Exercise objective
The records below are to be repeated exactly, and their pictures left out.

○ ○ ○

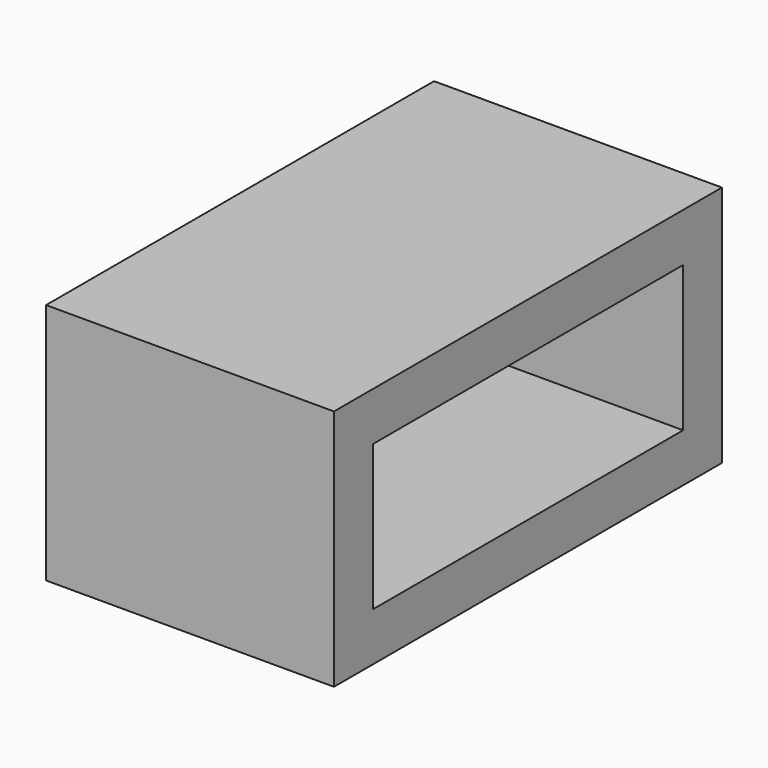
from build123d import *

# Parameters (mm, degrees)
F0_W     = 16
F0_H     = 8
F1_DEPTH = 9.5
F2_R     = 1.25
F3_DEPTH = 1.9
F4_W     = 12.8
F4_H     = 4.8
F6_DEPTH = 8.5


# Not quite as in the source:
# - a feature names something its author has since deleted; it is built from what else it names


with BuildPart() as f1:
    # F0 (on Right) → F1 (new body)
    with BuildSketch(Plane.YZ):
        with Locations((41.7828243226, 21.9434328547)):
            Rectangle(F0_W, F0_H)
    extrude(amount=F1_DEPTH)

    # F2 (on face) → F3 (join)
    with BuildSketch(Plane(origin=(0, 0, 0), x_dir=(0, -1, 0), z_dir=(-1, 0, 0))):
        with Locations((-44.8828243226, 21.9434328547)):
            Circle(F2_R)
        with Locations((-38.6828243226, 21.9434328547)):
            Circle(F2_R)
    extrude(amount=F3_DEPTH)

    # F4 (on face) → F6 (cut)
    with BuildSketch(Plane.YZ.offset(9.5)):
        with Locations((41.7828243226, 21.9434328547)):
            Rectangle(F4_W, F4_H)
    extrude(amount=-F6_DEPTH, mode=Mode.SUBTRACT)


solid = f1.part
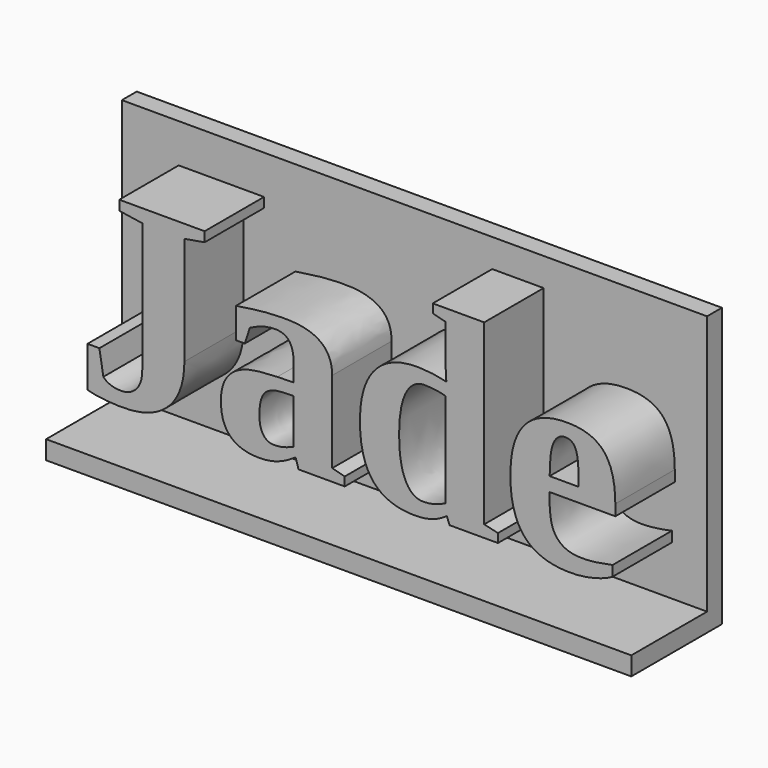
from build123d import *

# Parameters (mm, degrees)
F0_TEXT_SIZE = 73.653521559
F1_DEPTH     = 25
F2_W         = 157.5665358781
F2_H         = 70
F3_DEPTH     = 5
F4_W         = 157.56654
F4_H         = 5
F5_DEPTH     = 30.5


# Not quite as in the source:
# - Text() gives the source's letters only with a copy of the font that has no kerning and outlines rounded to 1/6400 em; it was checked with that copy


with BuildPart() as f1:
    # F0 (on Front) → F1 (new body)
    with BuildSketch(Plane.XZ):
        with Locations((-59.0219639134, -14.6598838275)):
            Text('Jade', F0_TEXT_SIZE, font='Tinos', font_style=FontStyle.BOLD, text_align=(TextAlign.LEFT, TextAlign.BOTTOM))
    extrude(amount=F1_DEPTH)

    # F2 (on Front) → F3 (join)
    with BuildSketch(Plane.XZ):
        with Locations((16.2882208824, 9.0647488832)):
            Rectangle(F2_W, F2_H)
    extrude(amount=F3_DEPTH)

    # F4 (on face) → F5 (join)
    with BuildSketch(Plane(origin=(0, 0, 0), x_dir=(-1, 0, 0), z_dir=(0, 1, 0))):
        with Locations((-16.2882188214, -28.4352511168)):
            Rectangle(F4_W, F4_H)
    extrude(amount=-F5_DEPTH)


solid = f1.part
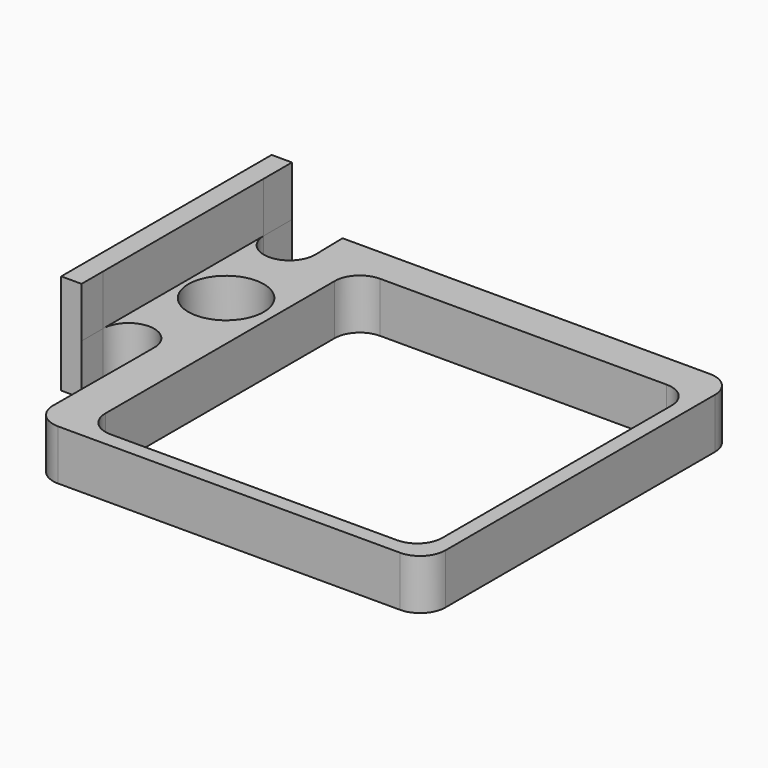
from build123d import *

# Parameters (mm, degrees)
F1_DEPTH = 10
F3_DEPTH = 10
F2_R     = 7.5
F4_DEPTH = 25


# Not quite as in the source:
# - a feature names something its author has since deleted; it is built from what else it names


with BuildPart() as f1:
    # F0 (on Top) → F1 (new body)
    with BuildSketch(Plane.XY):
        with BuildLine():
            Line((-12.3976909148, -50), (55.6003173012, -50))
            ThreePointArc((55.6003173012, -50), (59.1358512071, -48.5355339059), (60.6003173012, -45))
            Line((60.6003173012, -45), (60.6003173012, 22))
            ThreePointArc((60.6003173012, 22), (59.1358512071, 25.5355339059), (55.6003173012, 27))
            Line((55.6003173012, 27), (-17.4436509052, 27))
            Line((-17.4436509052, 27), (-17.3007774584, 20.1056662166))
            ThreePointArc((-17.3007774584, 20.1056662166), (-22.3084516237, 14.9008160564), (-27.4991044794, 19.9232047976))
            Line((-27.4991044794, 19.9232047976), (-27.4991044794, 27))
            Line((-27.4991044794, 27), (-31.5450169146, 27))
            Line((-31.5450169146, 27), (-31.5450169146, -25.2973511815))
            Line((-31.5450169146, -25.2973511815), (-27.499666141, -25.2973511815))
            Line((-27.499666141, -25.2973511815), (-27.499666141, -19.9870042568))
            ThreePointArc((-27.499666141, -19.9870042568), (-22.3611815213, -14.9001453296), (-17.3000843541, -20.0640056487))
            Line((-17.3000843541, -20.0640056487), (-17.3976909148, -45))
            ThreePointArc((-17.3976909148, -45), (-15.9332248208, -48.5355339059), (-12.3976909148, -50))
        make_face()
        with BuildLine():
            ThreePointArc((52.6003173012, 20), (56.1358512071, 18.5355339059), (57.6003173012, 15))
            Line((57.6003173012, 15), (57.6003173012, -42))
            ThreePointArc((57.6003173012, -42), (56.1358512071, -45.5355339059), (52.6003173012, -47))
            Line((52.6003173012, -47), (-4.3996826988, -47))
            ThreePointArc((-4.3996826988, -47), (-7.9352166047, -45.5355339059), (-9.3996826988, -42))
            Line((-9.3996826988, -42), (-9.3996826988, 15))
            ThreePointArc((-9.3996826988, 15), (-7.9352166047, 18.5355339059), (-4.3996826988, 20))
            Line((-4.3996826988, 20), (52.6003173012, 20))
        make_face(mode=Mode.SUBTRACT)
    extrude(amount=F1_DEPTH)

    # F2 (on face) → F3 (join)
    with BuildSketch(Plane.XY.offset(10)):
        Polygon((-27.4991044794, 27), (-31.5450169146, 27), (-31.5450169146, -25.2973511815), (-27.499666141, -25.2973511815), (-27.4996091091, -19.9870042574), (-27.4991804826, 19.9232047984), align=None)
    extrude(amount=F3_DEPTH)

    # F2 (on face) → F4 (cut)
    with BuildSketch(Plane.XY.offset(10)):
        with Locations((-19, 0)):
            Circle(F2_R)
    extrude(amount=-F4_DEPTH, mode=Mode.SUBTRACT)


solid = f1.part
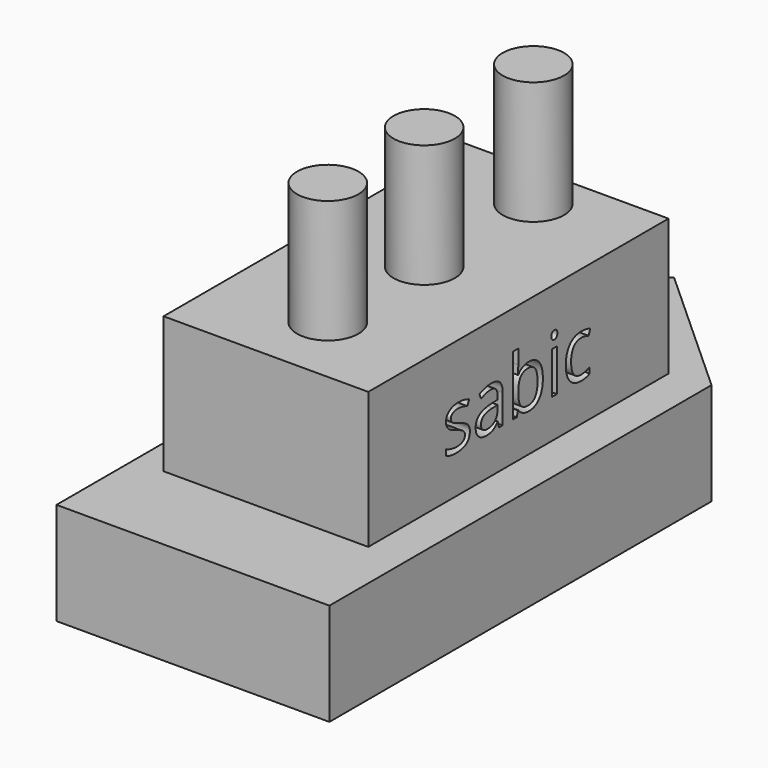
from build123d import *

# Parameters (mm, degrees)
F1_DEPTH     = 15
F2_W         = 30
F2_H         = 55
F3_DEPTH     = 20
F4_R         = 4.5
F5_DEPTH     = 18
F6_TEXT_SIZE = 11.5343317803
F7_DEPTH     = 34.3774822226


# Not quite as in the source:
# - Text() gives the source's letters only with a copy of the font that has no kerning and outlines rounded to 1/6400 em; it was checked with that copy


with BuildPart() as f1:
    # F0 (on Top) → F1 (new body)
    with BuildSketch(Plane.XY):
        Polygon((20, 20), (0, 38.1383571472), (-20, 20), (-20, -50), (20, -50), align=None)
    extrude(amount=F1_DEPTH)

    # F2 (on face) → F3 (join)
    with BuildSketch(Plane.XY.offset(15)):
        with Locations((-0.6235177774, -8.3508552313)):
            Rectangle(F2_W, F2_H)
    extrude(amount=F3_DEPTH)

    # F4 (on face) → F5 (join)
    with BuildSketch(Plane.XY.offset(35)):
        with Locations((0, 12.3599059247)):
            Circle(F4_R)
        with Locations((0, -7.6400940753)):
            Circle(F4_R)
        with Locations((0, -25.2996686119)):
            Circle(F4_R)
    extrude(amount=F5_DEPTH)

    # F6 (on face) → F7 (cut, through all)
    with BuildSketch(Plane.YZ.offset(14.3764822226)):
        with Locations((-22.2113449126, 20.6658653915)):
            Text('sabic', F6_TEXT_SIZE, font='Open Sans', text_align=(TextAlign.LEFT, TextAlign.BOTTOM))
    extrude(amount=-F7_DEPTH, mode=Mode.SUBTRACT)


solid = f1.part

○ ○ ○

Task result
from build123d import *

# Parameters (mm, degrees)
F0_W     = 16
F0_H     = 8
F1_DEPTH = 9.5
F2_R     = 1.25
F3_DEPTH = 1.9
F4_W     = 12.8
F4_H     = 4.8
F6_DEPTH = 8.5


# Not quite as in the source:
# - a feature names something its author has since deleted; it is built from what else it names


with BuildPart() as f1:
    # F0 (on Right) → F1 (new body)
    with BuildSketch(Plane.YZ):
        with Locations((41.7828243226, 21.9434328547)):
            Rectangle(F0_W, F0_H)
    extrude(amount=F1_DEPTH)

    # F2 (on face) → F3 (join)
    with BuildSketch(Plane(origin=(0, 0, 0), x_dir=(0, -1, 0), z_dir=(-1, 0, 0))):
        with Locations((-44.8828243226, 21.9434328547)):
            Circle(F2_R)
        with Locations((-38.6828243226, 21.9434328547)):
            Circle(F2_R)
    extrude(amount=F3_DEPTH)

    # F4 (on face) → F6 (cut)
    with BuildSketch(Plane.YZ.offset(9.5)):
        with Locations((41.7828243226, 21.9434328547)):
            Rectangle(F4_W, F4_H)
    extrude(amount=-F6_DEPTH, mode=Mode.SUBTRACT)


solid = f1.part
from build123d import *

# Parameters (mm, degrees)
F0_TEXT_SIZE = 73.653521559
F1_DEPTH     = 25
F2_W         = 157.5665358781
F2_H         = 70
F3_DEPTH     = 5
F4_W         = 157.56654
F4_H         = 5
F5_DEPTH     = 30.5


# Not quite as in the source:
# - Text() gives the source's letters only with a copy of the font that has no kerning and outlines rounded to 1/6400 em; it was checked with that copy


with BuildPart() as f1:
    # F0 (on Front) → F1 (new body)
    with BuildSketch(Plane.XZ):
        with Locations((-59.0219639134, -14.6598838275)):
            Text('Jade', F0_TEXT_SIZE, font='Tinos', font_style=FontStyle.BOLD, text_align=(TextAlign.LEFT, TextAlign.BOTTOM))
    extrude(amount=F1_DEPTH)

    # F2 (on Front) → F3 (join)
    with BuildSketch(Plane.XZ):
        with Locations((16.2882208824, 9.0647488832)):
            Rectangle(F2_W, F2_H)
    extrude(amount=F3_DEPTH)

    # F4 (on face) → F5 (join)
    with BuildSketch(Plane(origin=(0, 0, 0), x_dir=(-1, 0, 0), z_dir=(0, 1, 0))):
        with Locations((-16.2882188214, -28.4352511168)):
            Rectangle(F4_W, F4_H)
    extrude(amount=-F5_DEPTH)


solid = f1.part
from build123d import *

# Parameters (mm, degrees)
F1_DEPTH = 10
F3_DEPTH = 10
F2_R     = 7.5
F4_DEPTH = 25


# Not quite as in the source:
# - a feature names something its author has since deleted; it is built from what else it names


with BuildPart() as f1:
    # F0 (on Top) → F1 (new body)
    with BuildSketch(Plane.XY):
        with BuildLine():
            Line((-12.3976909148, -50), (55.6003173012, -50))
            ThreePointArc((55.6003173012, -50), (59.1358512071, -48.5355339059), (60.6003173012, -45))
            Line((60.6003173012, -45), (60.6003173012, 22))
            ThreePointArc((60.6003173012, 22), (59.1358512071, 25.5355339059), (55.6003173012, 27))
            Line((55.6003173012, 27), (-17.4436509052, 27))
            Line((-17.4436509052, 27), (-17.3007774584, 20.1056662166))
            ThreePointArc((-17.3007774584, 20.1056662166), (-22.3084516237, 14.9008160564), (-27.4991044794, 19.9232047976))
            Line((-27.4991044794, 19.9232047976), (-27.4991044794, 27))
            Line((-27.4991044794, 27), (-31.5450169146, 27))
            Line((-31.5450169146, 27), (-31.5450169146, -25.2973511815))
            Line((-31.5450169146, -25.2973511815), (-27.499666141, -25.2973511815))
            Line((-27.499666141, -25.2973511815), (-27.499666141, -19.9870042568))
            ThreePointArc((-27.499666141, -19.9870042568), (-22.3611815213, -14.9001453296), (-17.3000843541, -20.0640056487))
            Line((-17.3000843541, -20.0640056487), (-17.3976909148, -45))
            ThreePointArc((-17.3976909148, -45), (-15.9332248208, -48.5355339059), (-12.3976909148, -50))
        make_face()
        with BuildLine():
            ThreePointArc((52.6003173012, 20), (56.1358512071, 18.5355339059), (57.6003173012, 15))
            Line((57.6003173012, 15), (57.6003173012, -42))
            ThreePointArc((57.6003173012, -42), (56.1358512071, -45.5355339059), (52.6003173012, -47))
            Line((52.6003173012, -47), (-4.3996826988, -47))
            ThreePointArc((-4.3996826988, -47), (-7.9352166047, -45.5355339059), (-9.3996826988, -42))
            Line((-9.3996826988, -42), (-9.3996826988, 15))
            ThreePointArc((-9.3996826988, 15), (-7.9352166047, 18.5355339059), (-4.3996826988, 20))
            Line((-4.3996826988, 20), (52.6003173012, 20))
        make_face(mode=Mode.SUBTRACT)
    extrude(amount=F1_DEPTH)

    # F2 (on face) → F3 (join)
    with BuildSketch(Plane.XY.offset(10)):
        Polygon((-27.4991044794, 27), (-31.5450169146, 27), (-31.5450169146, -25.2973511815), (-27.499666141, -25.2973511815), (-27.4996091091, -19.9870042574), (-27.4991804826, 19.9232047984), align=None)
    extrude(amount=F3_DEPTH)

    # F2 (on face) → F4 (cut)
    with BuildSketch(Plane.XY.offset(10)):
        with Locations((-19, 0)):
            Circle(F2_R)
    extrude(amount=-F4_DEPTH, mode=Mode.SUBTRACT)


solid = f1.part
from build123d import *

# Parameters (mm, degrees)
F1_DEPTH     = 15
F2_W         = 30
F2_H         = 55
F3_DEPTH     = 20
F4_R         = 4.5
F5_DEPTH     = 18
F6_TEXT_SIZE = 11.5343317803
F7_DEPTH     = 34.3774822226


# Not quite as in the source:
# - Text() gives the source's letters only with a copy of the font that has no kerning and outlines rounded to 1/6400 em; it was checked with that copy


with BuildPart() as f1:
    # F0 (on Top) → F1 (new body)
    with BuildSketch(Plane.XY):
        Polygon((20, 20), (0, 38.1383571472), (-20, 20), (-20, -50), (20, -50), align=None)
    extrude(amount=F1_DEPTH)

    # F2 (on face) → F3 (join)
    with BuildSketch(Plane.XY.offset(15)):
        with Locations((-0.6235177774, -8.3508552313)):
            Rectangle(F2_W, F2_H)
    extrude(amount=F3_DEPTH)

    # F4 (on face) → F5 (join)
    with BuildSketch(Plane.XY.offset(35)):
        with Locations((0, 12.3599059247)):
            Circle(F4_R)
        with Locations((0, -7.6400940753)):
            Circle(F4_R)
        with Locations((0, -25.2996686119)):
            Circle(F4_R)
    extrude(amount=F5_DEPTH)

    # F6 (on face) → F7 (cut, through all)
    with BuildSketch(Plane.YZ.offset(14.3764822226)):
        with Locations((-22.2113449126, 20.6658653915)):
            Text('sabic', F6_TEXT_SIZE, font='Open Sans', text_align=(TextAlign.LEFT, TextAlign.BOTTOM))
    extrude(amount=-F7_DEPTH, mode=Mode.SUBTRACT)


solid = f1.part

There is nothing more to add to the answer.